The first principle—protecting and helping each other—underlines the importance of deepening "strategic mutual trust" and providing support "on issues related to core interests such as sovereignty, independence, national dignity and long-term development...". Xi further highlighted the need to remain committed to "common development" under the umbrella of the Belt and Road Initiative. The third principle has to do with maintaining "universal security", countering "external forces" trying to instigate "colour revolutions" and jointly confronting the "three forces of evil". Finally, President Xi mentioned the importance of "eternal friendship" and building a strong foundation for a future of close inter-generational ties.

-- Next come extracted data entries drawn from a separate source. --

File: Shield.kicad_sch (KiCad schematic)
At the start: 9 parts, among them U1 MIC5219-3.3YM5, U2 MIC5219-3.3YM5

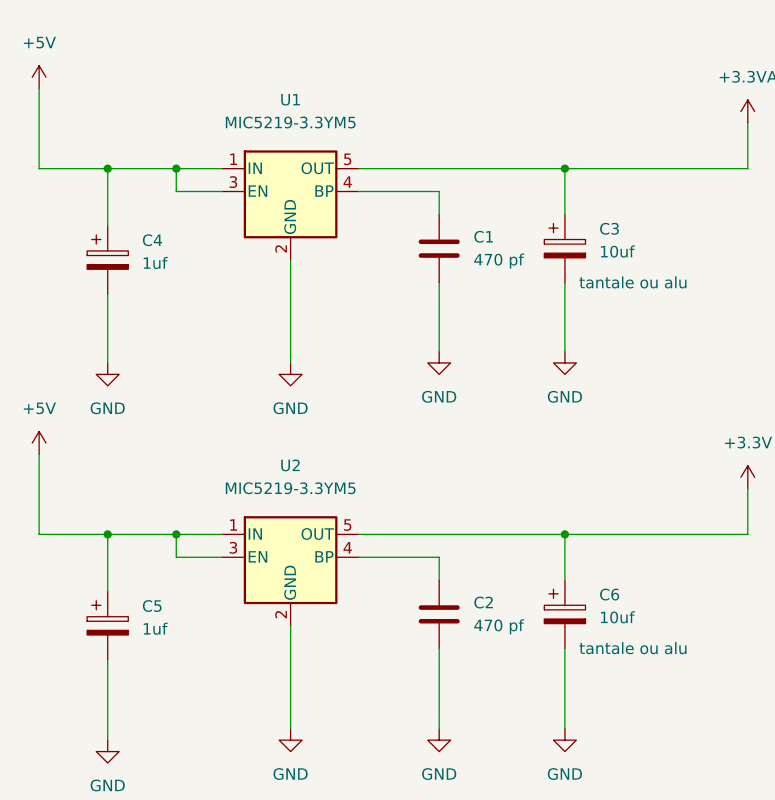
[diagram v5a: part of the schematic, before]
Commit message: Change le regulateur, le microchip est dur a avoir
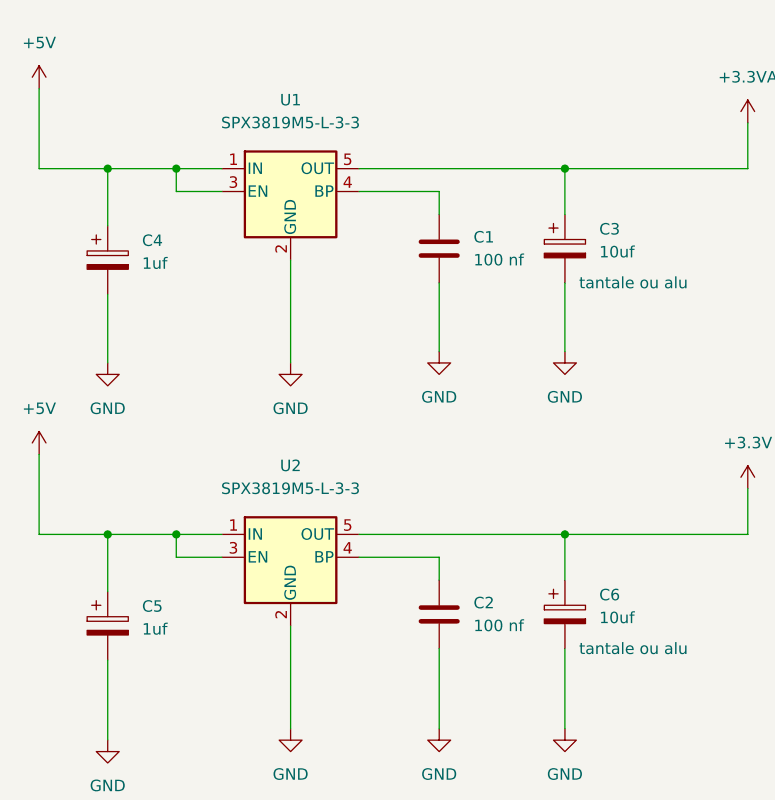
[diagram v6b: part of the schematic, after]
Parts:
- removed U1, U2: MIC5219-3.3YM5, Package_TO_SOT_SMD:SOT-23-5, symbol Regulator_Linear:MIC5219-3.3YM5
- added U1, U2: SPX3819M5-L-3-3, Package_TO_SOT_SMD:SOT-23-5, symbol Regulator_Linear:SPX3819M5-L-3-3
- C1, C2: value 470 pf -> 100 nf
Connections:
- net +3.3V: now also U2.5 (OUT)
- net +3.3VA: now also U1.5 (OUT)
- net +5V: now also U1.1 (IN), U1.3 (EN), U2.1 (IN), U2.3 (EN)
- net GND: now also U1.2 (GND), U2.2 (GND)
- net at C2.1: now also U2.4 (BP)
- net at C1.1: now also U1.4 (BP)
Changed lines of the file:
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@@
     (pin "1")
   )
-  (symbol (lib_id "power:+5V") (at 170.18 33.02 0) (unit 1)
-    (in_bom yes) (on_board yes) (fields_autoplaced)
-    (property "Reference" "#PWR015" (id 0) (at 170.18 36.83 0)
-      (effects (font (size 1.27 1.27)) hide)
-    )
-    (property "Value" "+5V" (id 1) (at 170.18 27.94 0))
-    (property "Footprint" "" (id 2) (at 170.18 33.02 0)
-      (effects (font (size 1.27 1.27)) hide)
-    )
-    (property "Datasheet" "" (id 3) (at 170.18 33.02 0)
-      (effects (font (size 1.27 1.27)) hide)
-    )
-    (pin "1")
-  )
-  (symbol (lib_id "Device:C") (at 68.58 81.28 0) (unit 1)
-    (in_bom yes) (on_board yes) (fields_autoplaced)
-    (property "Reference" "C2" (id 0) (at 72.39 80.0099 0)
-      (effects (font (size 1.27 1.27)) (justify left))
-    )
-    (property "Value" "470 pf" (id 1) (at 72.39 82.5499 0)
-      (effects (font (size 1.27 1.27)) (justify left))
-    )
-    (property "Footprint" "Capacitor_SMD:C_0603_1608Metric_Pad1.08x0.95mm_HandSolder" (id 2) (at 69.5452 85.09 0)
-      (effects (font (size 1.27 1.27)) hide)
-    )
-    (property "Datasheet" "~" (id 3) (at 68.58 81.28 0)
-      (effects (font (size 1.27 1.27)) hide)
-    )
-    (pin "1")
-    (pin "2")
-  )
-  (symbol (lib_id "power:+3.3VA") (at 102.87 26.67 0) (unit 1)
-    (in_bom yes) (on_board yes) (fields_autoplaced)
-    (property "Reference" "#PWR09" (id 0) (at 102.87 30.48 0)
-      (effects (font (size 1.27 1.27)) hide)
-    )
-    (property "Value" "+3.3VA" (id 1) (at 102.87 21.59 0))
-    (property "Footprint" "" (id 2) (at 102.87 26.67 0)
-      (effects (font (size 1.27 1.27)) hide)
-    )
-    (property "Datasheet" "" (id 3) (at 102.87 26.67 0)
-      (effects (font (size 1.27 1.27)) hide)
-    )
-    (pin "1")
-  )
-  (symbol (lib_id "Regulator_Linear:MIC5219-3.3YM5") (at 52.07 74.93 0) (unit 1)
-    (in_bom yes) (on_board yes) (fields_autoplaced)
-    (property "Reference" "U2" (id 0) (at 52.07 64.77 0))
-    (property "Value" "MIC5219-3.3YM5" (id 1) (at 52.07 67.31 0))
-    (property "Footprint" "Package_TO_SOT_SMD:SOT-23-5" (id 2) (at 52.07 66.675 0)
-      (effects (font (size 1.27 1.27)) hide)
-    )
-    (property "Datasheet" "http://ww1.microchip.com/downloads/en/DeviceDoc/MIC5219-500mA-Peak-Output-LDO-Regulator-DS20006021A.pdf" (id 3) (at 52.07 74.93 0)
+  (symbol (lib_id "Regulator_Linear:SPX3819M5-L-3-3") (at 52.07 34.29 0) (unit 1)
+    (in_bom yes) (on_board yes) (fields_autoplaced)
+    (property "Reference" "U1" (id 0) (at 52.07 24.13 0))
+    (property "Value" "SPX3819M5-L-3-3" (id 1) (at 52.07 26.67 0))
+    (property "Footprint" "Package_TO_SOT_SMD:SOT-23-5" (id 2) (at 52.07 26.035 0)
+      (effects (font (size 1.27 1.27)) hide)
+    )
+    (property "Datasheet" "https://www.exar.com/content/document.ashx?id=22106&languageid=1033&type=Datasheet&partnumber=SPX3819&filename=SPX3819.pdf&part=SPX3819" (id 3) (at 52.07 34.29 0)
       (effects (font (size 1.27 1.27)) hide)
     )
@@
     (pin "5")
   )
+  (symbol (lib_id "power:+5V") (at 170.18 33.02 0) (unit 1)
+    (in_bom yes) (on_board yes) (fields_autoplaced)
+    (property "Reference" "#PWR015" (id 0) (at 170.18 36.83 0)
+      (effects (font (size 1.27 1.27)) hide)
+    )
+    (property "Value" "+5V" (id 1) (at 170.18 27.94 0))
+    (property "Footprint" "" (id 2) (at 170.18 33.02 0)
+      (effects (font (size 1.27 1.27)) hide)
+    )
+    (property "Datasheet" "" (id 3) (at 170.18 33.02 0)
+      (effects (font (size 1.27 1.27)) hide)
+    )
+    (pin "1")
+  )
+  (symbol (lib_id "Device:C") (at 68.58 81.28 0) (unit 1)
+    (in_bom yes) (on_board yes) (fields_autoplaced)
+    (property "Reference" "C2" (id 0) (at 72.39 80.0099 0)
+      (effects (font (size 1.27 1.27)) (justify left))
+    )
+    (property "Value" "100 nf" (id 1) (at 72.39 82.5499 0)
+      (effects (font (size 1.27 1.27)) (justify left))
+    )
+    (property "Footprint" "Capacitor_SMD:C_0603_1608Metric_Pad1.08x0.95mm_HandSolder" (id 2) (at 69.5452 85.09 0)
+      (effects (font (size 1.27 1.27)) hide)
+    )
+    (property "Datasheet" "~" (id 3) (at 68.58 81.28 0)
+      (effects (font (size 1.27 1.27)) hide)
+    )
+    (pin "1")
+    (pin "2")
+  )
+  (symbol (lib_id "Regulator_Linear:SPX3819M5-L-3-3") (at 52.07 74.93 0) (unit 1)
+    (in_bom yes) (on_board yes) (fields_autoplaced)
+    (property "Reference" "U2" (id 0) (at 52.07 64.77 0))
+    (property "Value" "SPX3819M5-L-3-3" (id 1) (at 52.07 67.31 0))
+    (property "Footprint" "Package_TO_SOT_SMD:SOT-23-5" (id 2) (at 52.07 66.675 0)
+      (effects (font (size 1.27 1.27)) hide)
+    )
+    (property "Datasheet" "https://www.exar.com/content/document.ashx?id=22106&languageid=1033&type=Datasheet&partnumber=SPX3819&filename=SPX3819.pdf&part=SPX3819" (id 3) (at 52.07 74.93 0)
+      (effects (font (size 1.27 1.27)) hide)
+    )
+    (pin "1")
+    (pin "2")
+    (pin "3")
+    (pin "4")
+    (pin "5")
+  )
+  (symbol (lib_id "power:+3.3VA") (at 102.87 26.67 0) (unit 1)
+    (in_bom yes) (on_board yes) (fields_autoplaced)
+    (property "Reference" "#PWR09" (id 0) (at 102.87 30.48 0)
+      (effects (font (size 1.27 1.27)) hide)
+    )
+    (property "Value" "+3.3VA" (id 1) (at 102.87 21.59 0))
+    (property "Footprint" "" (id 2) (at 102.87 26.67 0)
+      (effects (font (size 1.27 1.27)) hide)
+    )
+    (property "Datasheet" "" (id 3) (at 102.87 26.67 0)
+      (effects (font (size 1.27 1.27)) hide)
+    )
+    (pin "1")
+  )
   (symbol (lib_id "power:GND") (at 52.07 53.34 0) (unit 1)
     (in_bom yes) (on_board yes) (fields_autoplaced)
@@
       (effects (font (size 1.27 1.27)) (justify left))
     )
-    (property "Value" "470 pf" (id 1) (at 72.39 41.9099 0)
+    (property "Value" "100 nf" (id 1) (at 72.39 41.9099 0)
       (effects (font (size 1.27 1.27)) (justify left))
     )
@@
     (pin "1")
     (pin "2")
-  )
-  (symbol (lib_id "Regulator_Linear:MIC5219-3.3YM5") (at 52.07 34.29 0) (unit 1)
-    (in_bom yes) (on_board yes) (fields_autoplaced)
-    (property "Reference" "U1" (id 0) (at 52.07 24.13 0))
-    (property "Value" "MIC5219-3.3YM5" (id 1) (at 52.07 26.67 0))
-    (property "Footprint" "Package_TO_SOT_SMD:SOT-23-5" (id 2) (at 52.07 26.035 0)
-      (effects (font (size 1.27 1.27)) hide)
-    )
-    (property "Datasheet" "http://ww1.microchip.com/downloads/en/DeviceDoc/MIC5219-500mA-Peak-Output-LDO-Regulator-DS20006021A.pdf" (id 3) (at 52.07 34.29 0)
-      (effects (font (size 1.27 1.27)) hide)
-    )
-    (pin "1")
-    (pin "2")
-    (pin "3")
-    (pin "4")
-    (pin "5")
   )
   (symbol (lib_id "MCU_Module:Arduino_UNO_R3") (at 165.1 62.23 0) (unit 1)
@@
     )
     (path "/c49d794b-82e9-493d-b715-0ad5480931c3"
-      (reference "C1") (unit 1) (value "470 pf") (footprint "Capacitor_SMD:C_0603_1608Metric_Pad1.08x0.95mm_HandSolder")
+      (reference "C1") (unit 1) (value "100 nf") (footprint "Capacitor_SMD:C_0603_1608Metric_Pad1.08x0.95mm_HandSolder")
     )
     (path "/86a05c3c-54d2-4977-bcb6-ee4c0872ef57"
-      (reference "C2") (unit 1) (value "470 pf") (footprint "Capacitor_SMD:C_0603_1608Metric_Pad1.08x0.95mm_HandSolder")
+      (reference "C2") (unit 1) (value "100 nf") (footprint "Capacitor_SMD:C_0603_1608Metric_Pad1.08x0.95mm_HandSolder")
     )
     (path "/b0f180b9-4197-4edd-b5e1-238f1d62e083"
@@
       (reference "R4") (unit 1) (value "400 0.1%") (footprint "Resistor_SMD:R_1206_3216Metric_Pad1.30x1.75mm_HandSolder")
     )
-    (path "/dd1c16a7-671a-4e62-b647-9fcd8906b509"
-      (reference "U1") (unit 1) (value "MIC5219-3.3YM5") (footprint "Package_TO_SOT_SMD:SOT-23-5")
-    )
-    (path "/96e203a9-b5da-4ee0-8051-ae09c0cbe467"
-      (reference "U2") (unit 1) (value "MIC5219-3.3YM5") (footprint "Package_TO_SOT_SMD:SOT-23-5")
+    (path "/70166011-cdbf-484f-91f0-717371ba961c"
+      (reference "U1") (unit 1) (value "SPX3819M5-L-3-3") (footprint "Package_TO_SOT_SMD:SOT-23-5")
+    )
+    (path "/86be4467-fe1b-4535-b56f-318f0aa66c4b"
+      (reference "U2") (unit 1) (value "SPX3819M5-L-3-3") (footprint "Package_TO_SOT_SMD:SOT-23-5")
     )
     (path "/ec1f69e3-5897-4f77-9f27-39305d91428f/0f7ebff1-b6a9-4a4c-9024-61e0cb0cec58"

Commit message: v002
AJoute des grains de café pour choisir le chip select
Miroir connecteur arduiono
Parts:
- added JP1, JP2, JP3, JP4, JP5, JP6, JP7, JP8: SolderJumper_2_Open, Jumper:SolderJumper-2_P1.3mm_Open_RoundedPad1.0x1.5mm, symbol Jumper:SolderJumper_2_Open
- added JP10, JP11, JP12, JP9: SolderJumper_2_Bridged, Jumper:SolderJumper-2_P1.3mm_Open_RoundedPad1.0x1.5mm, symbol Jumper:SolderJumper_2_Bridged
- C1, C2: value 100 nf -> 100 nF
- C3, C6: value 10uf -> 10uF
- C4, C5: value 1uf -> 1uF
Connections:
- net CS_MAX1: now also JP1.1 (A), JP5.1 (A), JP9.2 (B); no longer A1.9 (A0)
- net CS_MAX2: now also JP10.2 (B), JP2.1 (A), JP6.1 (A); no longer A1.10 (A1)
- net CS_MAX3: now also JP11.2 (B), JP3.1 (A), JP7.1 (A); no longer A1.11 (A2)
- net CS_MAX4: now also JP12.2 (B), JP4.1 (A), JP8.1 (A); no longer A1.12 (A3)
- net at A1.17 (D2): now also JP1.2 (B)
- net at A1.18 (D3): now also JP2.2 (B)
- net at A1.19 (D4): now also JP3.2 (B)
- net at A1.20 (D5): now also JP4.2 (B)
- net at A1.21 (D6): now also JP5.2 (B)
- net at A1.22 (D7): now also JP6.2 (B)
- net at A1.23 (D8): now also JP7.2 (B)
- net at A1.24 (D9): now also JP8.2 (B)
- new net: A1.11 (A2), JP11.1 (A)
- new net: A1.9 (A0), JP9.1 (A)
- new net: A1.10 (A1), JP10.1 (A)
- new net: A1.12 (A3), JP12.1 (A)
- no-connect marks 20 -> 12

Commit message: Ajoute img et update connecteur avec 3d
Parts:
- A1: footprint Module:Arduino_UNO_R3 -> Arduino:Arduino_UNO_R3_3d
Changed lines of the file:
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@@
       (effects (font (size 1.27 1.27)) (justify left))
     )
-    (property "Footprint" "Module:Arduino_UNO_R3" (id 2) (at 165.1 62.23 0)
+    (property "Footprint" "Arduino:Arduino_UNO_R3_3d" (id 2) (at 165.1 62.23 0)
       (effects (font (size 1.27 1.27) italic) hide)
     )
@@
     )
     (path "/e6a0dfad-b3ab-4c36-83bb-45ac5b045ec9"
-      (reference "A1") (unit 1) (value "Arduino_UNO_R3") (footprint "Module:Arduino_UNO_R3")
+      (reference "A1") (unit 1) (value "Arduino_UNO_R3") (footprint "Arduino:Arduino_UNO_R3_3d")
     )
     (path "/c49d794b-82e9-493d-b715-0ad5480931c3"

This truly historic summit ended with the signing of seven bilateral and multilateral documents, as well as more than 100 agreements on cooperation in various fields.

 

Searching for like-minded people

Xi Jinping's regional ambitions are complicated by his friendship with Russian President Vladimir Putin and the close ties between the two countries. But the Russian-Ukrainian war alerted Central Asia, raising serious concerns about the future.

Neither Russia nor the war in Ukraine were explicitly mentioned during the China-Central Asia summit, but President Xi tried to reassure his colleagues, saying that "the sovereignty, security, independence and territorial integrity of Central Asian countries must be preserved". Earlier, Beijing had announced plans to establish a regional anti-terrorism centre to train Central Asian security forces.

During the summit, Beijing even tried to secure the support of the CA countries for the Chinese mediation efforts to stop the Russian-Ukrainian war. Xi Jinping also used the platform of the summit to strengthen his Belt and Road initiative, which was under a serious risk this year when Italy announced its intention to withdraw from the investment pact. Prior to that, the three Baltic states had also withdrawn from the so-called 17+1 format of Eastern and Central European cooperation with China, calling on other countries to do the same.

It was no secret to anyone, including the CA leaders, that the summit was part of Beijing's broader goal of finding like-minded nations to oppose what it sees as a US-dominated world order. Therefore, Beijing insisted that the CA leaders would provide assurances in the joint statements adopted in Xi'an that they would not interfere in its policies in the Xinjiang Uygur Autonomous Region and Hong Kong, as well as in the struggle over Taiwan. Apparently, Beijing succeeded.

 

Interesting statement

China is certainly useful for the CA states to counterweigh Russia, but it is also dangerous as a potential new hegemon. For years, some Chinese intellectuals have claimed that China had territorial rights over all or part of Kazakhstan and Tajikistan. In April, Chinese Ambassador to France Lu Shai publicly stated that China did not respect the sovereignty of the former Soviet republics because they had no "effective status in international law". Beijing eventually refuted the statement, but for the CA leaders it may have looked as if Lu had let Beijing's real intentions slip.

Obviously, the CA leaders came to meet with President Xi with two contradictory thoughts in mind: potential for getting economic benefits thanks to expanding partnership with Beijing, and the danger of potential Chinese influence in the region.

We will see soon whether they have been able to defend their interests or whether, in addition to economic dependence, they have found themselves under the political influence of China.